Provided records -
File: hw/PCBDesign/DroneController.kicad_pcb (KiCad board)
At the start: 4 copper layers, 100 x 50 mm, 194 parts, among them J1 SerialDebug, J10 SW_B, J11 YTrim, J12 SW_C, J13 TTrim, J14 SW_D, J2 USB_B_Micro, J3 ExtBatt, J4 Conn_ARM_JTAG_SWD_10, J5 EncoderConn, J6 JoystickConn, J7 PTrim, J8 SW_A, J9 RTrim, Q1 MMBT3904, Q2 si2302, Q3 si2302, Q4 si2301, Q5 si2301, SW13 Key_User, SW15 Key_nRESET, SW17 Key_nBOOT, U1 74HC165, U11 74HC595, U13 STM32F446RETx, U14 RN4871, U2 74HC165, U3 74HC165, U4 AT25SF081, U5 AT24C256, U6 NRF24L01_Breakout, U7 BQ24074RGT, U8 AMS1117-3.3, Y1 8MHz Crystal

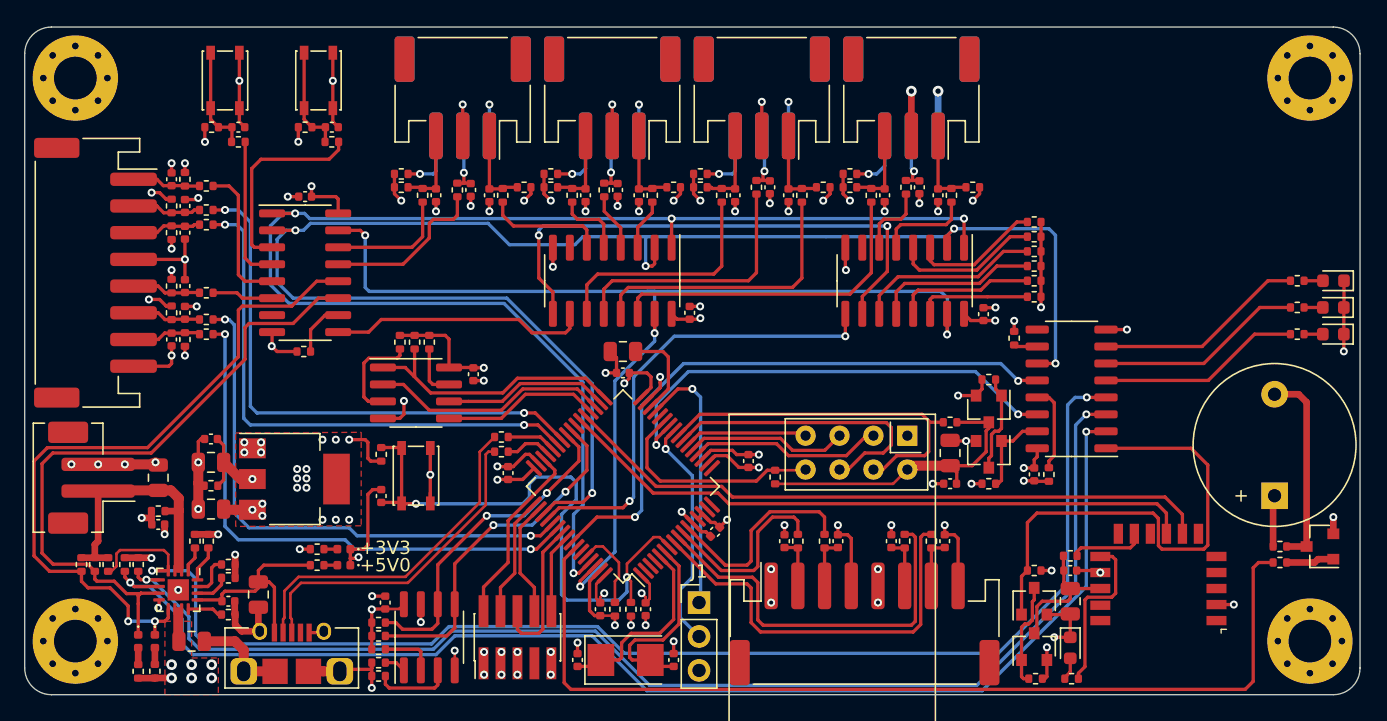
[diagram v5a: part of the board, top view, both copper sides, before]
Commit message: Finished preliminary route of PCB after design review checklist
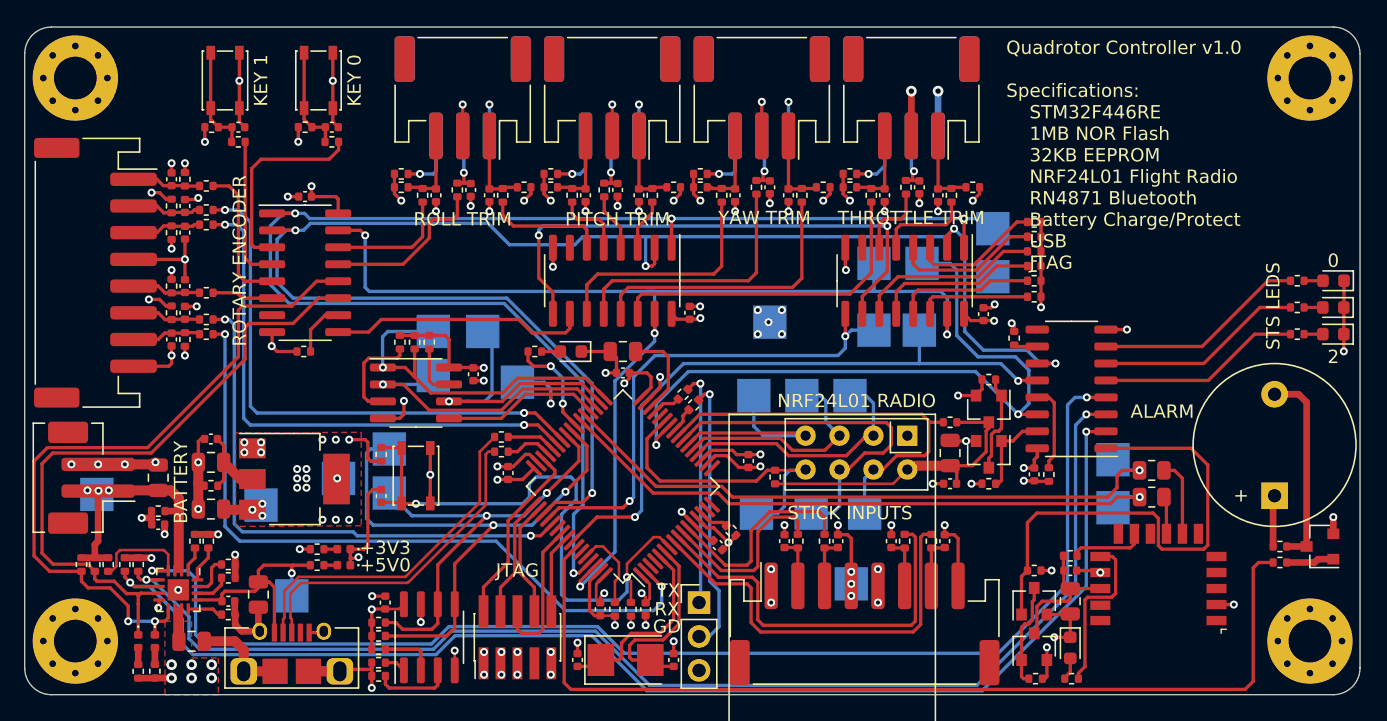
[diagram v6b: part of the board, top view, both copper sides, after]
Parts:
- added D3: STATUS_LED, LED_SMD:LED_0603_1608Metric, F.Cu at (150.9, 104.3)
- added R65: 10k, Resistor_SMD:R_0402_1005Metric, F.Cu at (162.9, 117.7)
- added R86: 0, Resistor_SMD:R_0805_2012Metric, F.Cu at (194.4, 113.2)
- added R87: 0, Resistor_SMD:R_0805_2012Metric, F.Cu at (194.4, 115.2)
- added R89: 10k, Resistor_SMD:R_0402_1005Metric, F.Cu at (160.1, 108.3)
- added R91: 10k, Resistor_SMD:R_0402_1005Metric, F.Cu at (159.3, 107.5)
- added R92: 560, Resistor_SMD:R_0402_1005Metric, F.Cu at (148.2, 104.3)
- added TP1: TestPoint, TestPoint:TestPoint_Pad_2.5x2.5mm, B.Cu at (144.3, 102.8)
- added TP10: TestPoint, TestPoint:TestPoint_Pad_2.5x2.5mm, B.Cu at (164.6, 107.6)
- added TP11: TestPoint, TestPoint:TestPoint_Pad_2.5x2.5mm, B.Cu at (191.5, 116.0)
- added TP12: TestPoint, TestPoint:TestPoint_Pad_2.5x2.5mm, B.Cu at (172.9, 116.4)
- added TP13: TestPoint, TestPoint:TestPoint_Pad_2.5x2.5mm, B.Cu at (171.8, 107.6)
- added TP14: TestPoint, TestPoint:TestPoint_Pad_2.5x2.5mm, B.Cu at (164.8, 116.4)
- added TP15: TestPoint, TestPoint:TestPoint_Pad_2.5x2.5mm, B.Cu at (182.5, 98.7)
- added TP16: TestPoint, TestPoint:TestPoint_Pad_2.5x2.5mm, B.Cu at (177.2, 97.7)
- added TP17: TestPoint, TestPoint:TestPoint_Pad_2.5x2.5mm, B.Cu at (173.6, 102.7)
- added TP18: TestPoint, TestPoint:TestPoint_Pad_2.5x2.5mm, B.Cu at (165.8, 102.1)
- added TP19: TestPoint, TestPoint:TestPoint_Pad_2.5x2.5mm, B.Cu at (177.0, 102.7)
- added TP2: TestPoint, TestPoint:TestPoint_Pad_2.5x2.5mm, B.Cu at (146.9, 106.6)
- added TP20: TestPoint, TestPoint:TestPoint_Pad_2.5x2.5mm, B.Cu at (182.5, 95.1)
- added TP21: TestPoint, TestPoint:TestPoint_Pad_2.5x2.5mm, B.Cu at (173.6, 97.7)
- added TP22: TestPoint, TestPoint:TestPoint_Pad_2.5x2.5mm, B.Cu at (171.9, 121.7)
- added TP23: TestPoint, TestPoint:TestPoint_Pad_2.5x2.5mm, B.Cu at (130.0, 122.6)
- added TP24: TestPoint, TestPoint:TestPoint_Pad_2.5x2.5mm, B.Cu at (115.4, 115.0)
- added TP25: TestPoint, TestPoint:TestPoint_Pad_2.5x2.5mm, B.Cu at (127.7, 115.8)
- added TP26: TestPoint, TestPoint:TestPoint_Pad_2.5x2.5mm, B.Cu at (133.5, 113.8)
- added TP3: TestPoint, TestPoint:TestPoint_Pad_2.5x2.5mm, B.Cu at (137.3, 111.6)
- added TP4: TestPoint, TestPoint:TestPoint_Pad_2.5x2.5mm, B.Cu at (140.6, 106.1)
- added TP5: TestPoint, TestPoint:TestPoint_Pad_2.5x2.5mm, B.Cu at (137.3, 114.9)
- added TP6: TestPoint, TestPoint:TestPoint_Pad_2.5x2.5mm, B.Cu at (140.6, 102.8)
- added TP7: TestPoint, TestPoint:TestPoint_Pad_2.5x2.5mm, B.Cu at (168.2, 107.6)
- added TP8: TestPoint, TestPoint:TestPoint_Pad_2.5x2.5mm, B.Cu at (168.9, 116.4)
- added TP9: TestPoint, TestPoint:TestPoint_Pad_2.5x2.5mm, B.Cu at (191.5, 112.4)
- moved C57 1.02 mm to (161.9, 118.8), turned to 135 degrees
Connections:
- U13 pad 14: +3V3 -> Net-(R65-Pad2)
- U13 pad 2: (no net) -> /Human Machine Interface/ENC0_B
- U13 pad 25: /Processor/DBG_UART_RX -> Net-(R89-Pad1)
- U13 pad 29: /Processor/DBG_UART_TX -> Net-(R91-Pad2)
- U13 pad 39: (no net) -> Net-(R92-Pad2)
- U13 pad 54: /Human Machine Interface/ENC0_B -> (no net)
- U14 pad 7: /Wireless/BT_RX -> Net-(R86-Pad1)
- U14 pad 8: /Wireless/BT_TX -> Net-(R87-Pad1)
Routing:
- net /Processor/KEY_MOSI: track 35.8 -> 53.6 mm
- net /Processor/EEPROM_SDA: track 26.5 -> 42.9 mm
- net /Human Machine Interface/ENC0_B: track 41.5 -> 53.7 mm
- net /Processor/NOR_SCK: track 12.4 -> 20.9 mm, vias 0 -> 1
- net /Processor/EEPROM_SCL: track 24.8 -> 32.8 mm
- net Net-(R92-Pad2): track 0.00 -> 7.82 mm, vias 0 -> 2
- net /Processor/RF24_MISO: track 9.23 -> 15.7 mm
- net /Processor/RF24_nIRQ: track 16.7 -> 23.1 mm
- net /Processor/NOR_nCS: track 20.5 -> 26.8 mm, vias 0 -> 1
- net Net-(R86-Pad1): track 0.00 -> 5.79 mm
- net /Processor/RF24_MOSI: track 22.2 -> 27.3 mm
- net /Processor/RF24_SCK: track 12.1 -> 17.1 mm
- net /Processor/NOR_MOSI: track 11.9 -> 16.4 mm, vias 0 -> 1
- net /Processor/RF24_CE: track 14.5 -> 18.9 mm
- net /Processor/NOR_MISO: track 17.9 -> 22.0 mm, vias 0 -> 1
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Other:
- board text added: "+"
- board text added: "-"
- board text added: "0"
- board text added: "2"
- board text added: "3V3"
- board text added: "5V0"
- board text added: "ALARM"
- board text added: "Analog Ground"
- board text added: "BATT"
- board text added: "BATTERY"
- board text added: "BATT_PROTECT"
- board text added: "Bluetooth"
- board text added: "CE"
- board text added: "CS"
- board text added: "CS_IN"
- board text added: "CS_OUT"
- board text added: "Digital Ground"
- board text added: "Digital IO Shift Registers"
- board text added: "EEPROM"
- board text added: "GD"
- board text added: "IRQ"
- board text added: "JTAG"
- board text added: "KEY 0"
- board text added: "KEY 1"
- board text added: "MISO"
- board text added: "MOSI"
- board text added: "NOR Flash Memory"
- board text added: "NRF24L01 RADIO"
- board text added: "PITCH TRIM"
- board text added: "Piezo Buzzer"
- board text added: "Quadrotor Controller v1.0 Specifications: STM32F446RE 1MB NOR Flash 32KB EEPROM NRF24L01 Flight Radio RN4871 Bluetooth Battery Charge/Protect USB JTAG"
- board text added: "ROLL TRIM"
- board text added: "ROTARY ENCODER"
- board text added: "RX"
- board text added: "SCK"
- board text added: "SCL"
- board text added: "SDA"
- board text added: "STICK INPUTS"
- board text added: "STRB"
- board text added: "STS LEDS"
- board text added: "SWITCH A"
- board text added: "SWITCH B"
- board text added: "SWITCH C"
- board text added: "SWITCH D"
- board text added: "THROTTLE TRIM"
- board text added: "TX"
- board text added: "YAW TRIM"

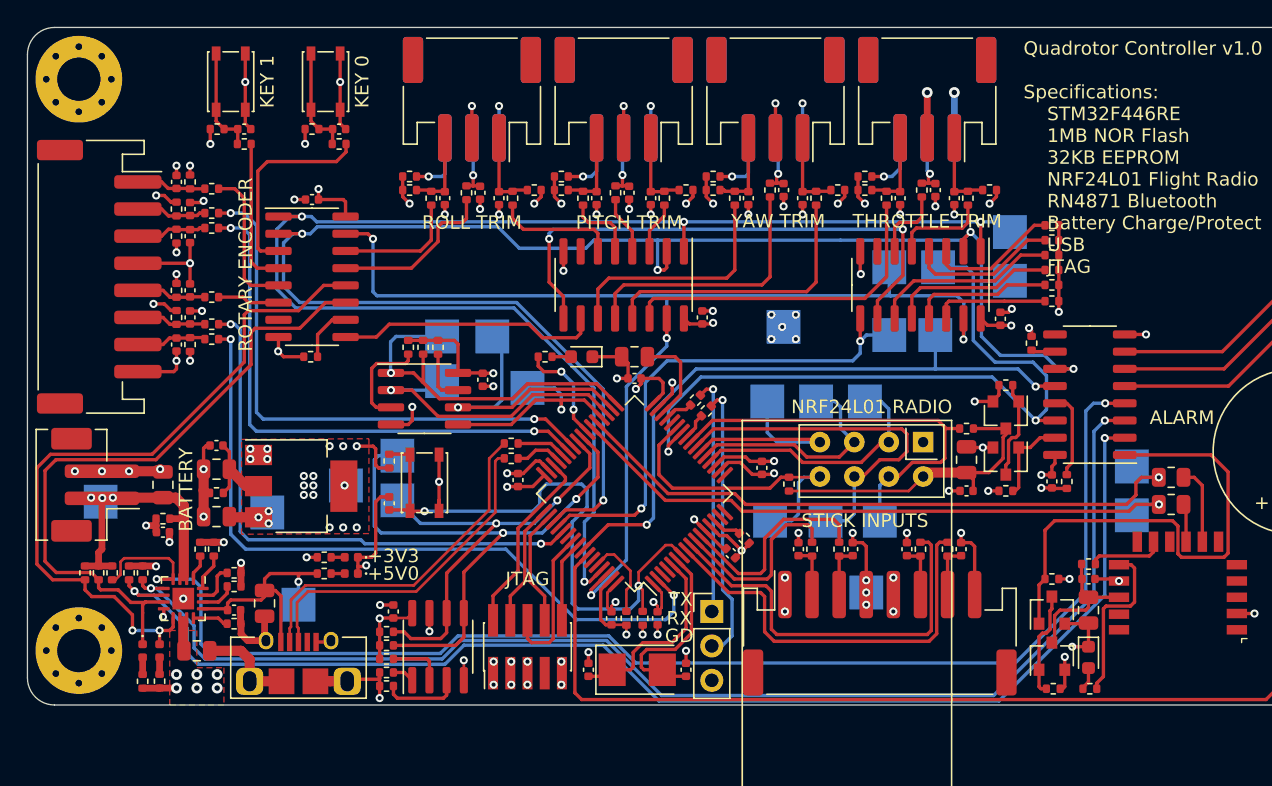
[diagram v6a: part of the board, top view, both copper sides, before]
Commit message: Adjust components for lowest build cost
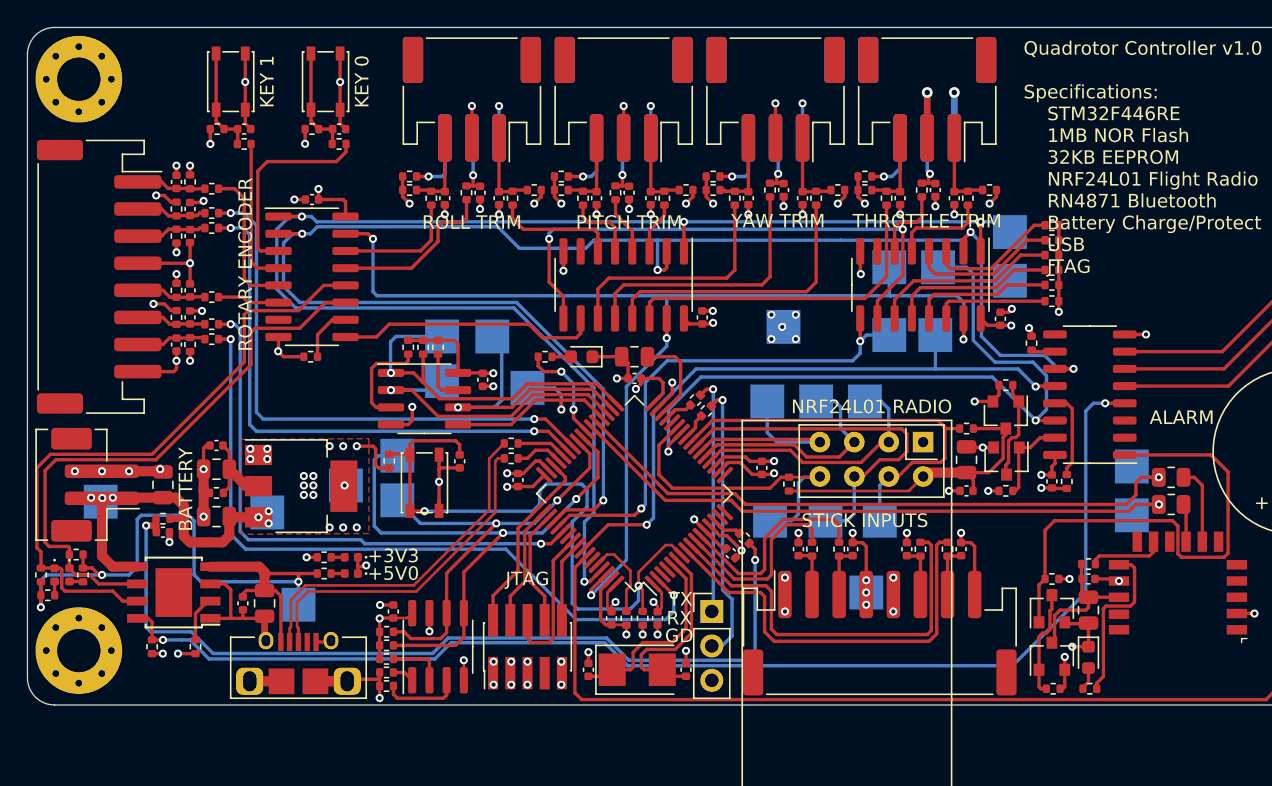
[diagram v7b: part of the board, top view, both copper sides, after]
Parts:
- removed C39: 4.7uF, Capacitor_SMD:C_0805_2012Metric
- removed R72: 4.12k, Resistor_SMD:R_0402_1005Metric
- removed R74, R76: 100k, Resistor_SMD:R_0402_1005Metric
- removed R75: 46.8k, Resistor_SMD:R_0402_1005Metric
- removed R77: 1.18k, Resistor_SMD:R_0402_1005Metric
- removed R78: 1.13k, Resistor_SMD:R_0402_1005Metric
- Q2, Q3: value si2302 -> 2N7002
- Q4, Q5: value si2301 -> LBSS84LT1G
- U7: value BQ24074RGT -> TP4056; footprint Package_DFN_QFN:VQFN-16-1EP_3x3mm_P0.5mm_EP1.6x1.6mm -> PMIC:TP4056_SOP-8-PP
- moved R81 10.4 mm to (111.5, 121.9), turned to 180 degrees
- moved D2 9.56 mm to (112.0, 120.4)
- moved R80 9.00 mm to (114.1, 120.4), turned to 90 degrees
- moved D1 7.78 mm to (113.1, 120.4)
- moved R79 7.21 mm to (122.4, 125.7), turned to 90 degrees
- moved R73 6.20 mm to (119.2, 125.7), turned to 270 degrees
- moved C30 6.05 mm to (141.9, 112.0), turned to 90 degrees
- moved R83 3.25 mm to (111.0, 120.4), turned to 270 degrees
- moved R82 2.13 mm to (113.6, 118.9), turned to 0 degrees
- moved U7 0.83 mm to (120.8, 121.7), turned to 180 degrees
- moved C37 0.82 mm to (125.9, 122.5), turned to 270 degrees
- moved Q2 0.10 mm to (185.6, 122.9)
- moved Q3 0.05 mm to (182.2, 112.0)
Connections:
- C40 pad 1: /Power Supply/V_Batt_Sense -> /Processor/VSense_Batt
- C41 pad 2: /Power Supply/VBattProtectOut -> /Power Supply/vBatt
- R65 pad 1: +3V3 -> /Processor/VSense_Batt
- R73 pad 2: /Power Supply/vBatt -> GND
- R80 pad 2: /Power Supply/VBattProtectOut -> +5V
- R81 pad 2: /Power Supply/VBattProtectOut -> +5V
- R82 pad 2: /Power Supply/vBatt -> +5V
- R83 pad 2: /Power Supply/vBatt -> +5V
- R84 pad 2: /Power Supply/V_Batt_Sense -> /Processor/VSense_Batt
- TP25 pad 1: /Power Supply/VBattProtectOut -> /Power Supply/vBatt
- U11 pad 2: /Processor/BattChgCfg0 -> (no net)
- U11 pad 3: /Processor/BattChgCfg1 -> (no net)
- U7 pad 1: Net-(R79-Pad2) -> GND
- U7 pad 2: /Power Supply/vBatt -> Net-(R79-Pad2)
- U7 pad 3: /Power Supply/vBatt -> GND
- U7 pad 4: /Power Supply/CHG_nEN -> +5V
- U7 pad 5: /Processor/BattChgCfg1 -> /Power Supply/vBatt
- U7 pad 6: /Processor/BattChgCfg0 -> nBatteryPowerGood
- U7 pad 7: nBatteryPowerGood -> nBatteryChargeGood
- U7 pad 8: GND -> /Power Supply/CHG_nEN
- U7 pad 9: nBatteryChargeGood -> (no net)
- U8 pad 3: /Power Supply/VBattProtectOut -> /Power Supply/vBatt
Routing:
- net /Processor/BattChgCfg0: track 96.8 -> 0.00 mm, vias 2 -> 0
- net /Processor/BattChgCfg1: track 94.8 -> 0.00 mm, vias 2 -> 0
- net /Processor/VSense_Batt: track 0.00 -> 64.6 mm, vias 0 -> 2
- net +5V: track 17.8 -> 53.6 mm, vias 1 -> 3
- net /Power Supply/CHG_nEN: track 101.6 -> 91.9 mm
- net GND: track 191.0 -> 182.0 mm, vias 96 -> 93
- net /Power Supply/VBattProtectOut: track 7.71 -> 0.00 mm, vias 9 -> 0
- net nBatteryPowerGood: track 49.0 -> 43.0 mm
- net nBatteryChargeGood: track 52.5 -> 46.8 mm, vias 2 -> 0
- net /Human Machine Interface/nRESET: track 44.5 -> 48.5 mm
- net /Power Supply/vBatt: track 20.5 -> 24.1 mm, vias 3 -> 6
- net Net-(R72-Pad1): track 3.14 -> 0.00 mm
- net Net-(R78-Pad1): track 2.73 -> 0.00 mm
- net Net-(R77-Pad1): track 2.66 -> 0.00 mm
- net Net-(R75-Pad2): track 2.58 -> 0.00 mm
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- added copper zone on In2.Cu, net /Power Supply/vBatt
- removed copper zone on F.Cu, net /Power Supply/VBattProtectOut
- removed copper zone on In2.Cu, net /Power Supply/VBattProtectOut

Your task - Whatever else the listing above holds, retype exactly only the lines from the one containing "- added TP12: TestPoint, TestPoint:TestPoint_Pad_2.5x2.5mm, B.Cu" to the one containing "- U13 pad 14: +3V3 -> Net-(R65-Pad2)", both ends kept.

Answer space -
- added TP12: TestPoint, TestPoint:TestPoint_Pad_2.5x2.5mm, B.Cu at (172.9, 116.4)
- added TP13: TestPoint, TestPoint:TestPoint_Pad_2.5x2.5mm, B.Cu at (171.8, 107.6)
- added TP14: TestPoint, TestPoint:TestPoint_Pad_2.5x2.5mm, B.Cu at (164.8, 116.4)
- added TP15: TestPoint, TestPoint:TestPoint_Pad_2.5x2.5mm, B.Cu at (182.5, 98.7)
- added TP16: TestPoint, TestPoint:TestPoint_Pad_2.5x2.5mm, B.Cu at (177.2, 97.7)
- added TP17: TestPoint, TestPoint:TestPoint_Pad_2.5x2.5mm, B.Cu at (173.6, 102.7)
- added TP18: TestPoint, TestPoint:TestPoint_Pad_2.5x2.5mm, B.Cu at (165.8, 102.1)
- added TP19: TestPoint, TestPoint:TestPoint_Pad_2.5x2.5mm, B.Cu at (177.0, 102.7)
- added TP2: TestPoint, TestPoint:TestPoint_Pad_2.5x2.5mm, B.Cu at (146.9, 106.6)
- added TP20: TestPoint, TestPoint:TestPoint_Pad_2.5x2.5mm, B.Cu at (182.5, 95.1)
- added TP21: TestPoint, TestPoint:TestPoint_Pad_2.5x2.5mm, B.Cu at (173.6, 97.7)
- added TP22: TestPoint, TestPoint:TestPoint_Pad_2.5x2.5mm, B.Cu at (171.9, 121.7)
- added TP23: TestPoint, TestPoint:TestPoint_Pad_2.5x2.5mm, B.Cu at (130.0, 122.6)
- added TP24: TestPoint, TestPoint:TestPoint_Pad_2.5x2.5mm, B.Cu at (115.4, 115.0)
- added TP25: TestPoint, TestPoint:TestPoint_Pad_2.5x2.5mm, B.Cu at (127.7, 115.8)
- added TP26: TestPoint, TestPoint:TestPoint_Pad_2.5x2.5mm, B.Cu at (133.5, 113.8)
- added TP3: TestPoint, TestPoint:TestPoint_Pad_2.5x2.5mm, B.Cu at (137.3, 111.6)
- added TP4: TestPoint, TestPoint:TestPoint_Pad_2.5x2.5mm, B.Cu at (140.6, 106.1)
- added TP5: TestPoint, TestPoint:TestPoint_Pad_2.5x2.5mm, B.Cu at (137.3, 114.9)
- added TP6: TestPoint, TestPoint:TestPoint_Pad_2.5x2.5mm, B.Cu at (140.6, 102.8)
- added TP7: TestPoint, TestPoint:TestPoint_Pad_2.5x2.5mm, B.Cu at (168.2, 107.6)
- added TP8: TestPoint, TestPoint:TestPoint_Pad_2.5x2.5mm, B.Cu at (168.9, 116.4)
- added TP9: TestPoint, TestPoint:TestPoint_Pad_2.5x2.5mm, B.Cu at (191.5, 112.4)
- moved C57 1.02 mm to (161.9, 118.8), turned to 135 degrees
Connections:
- U13 pad 14: +3V3 -> Net-(R65-Pad2)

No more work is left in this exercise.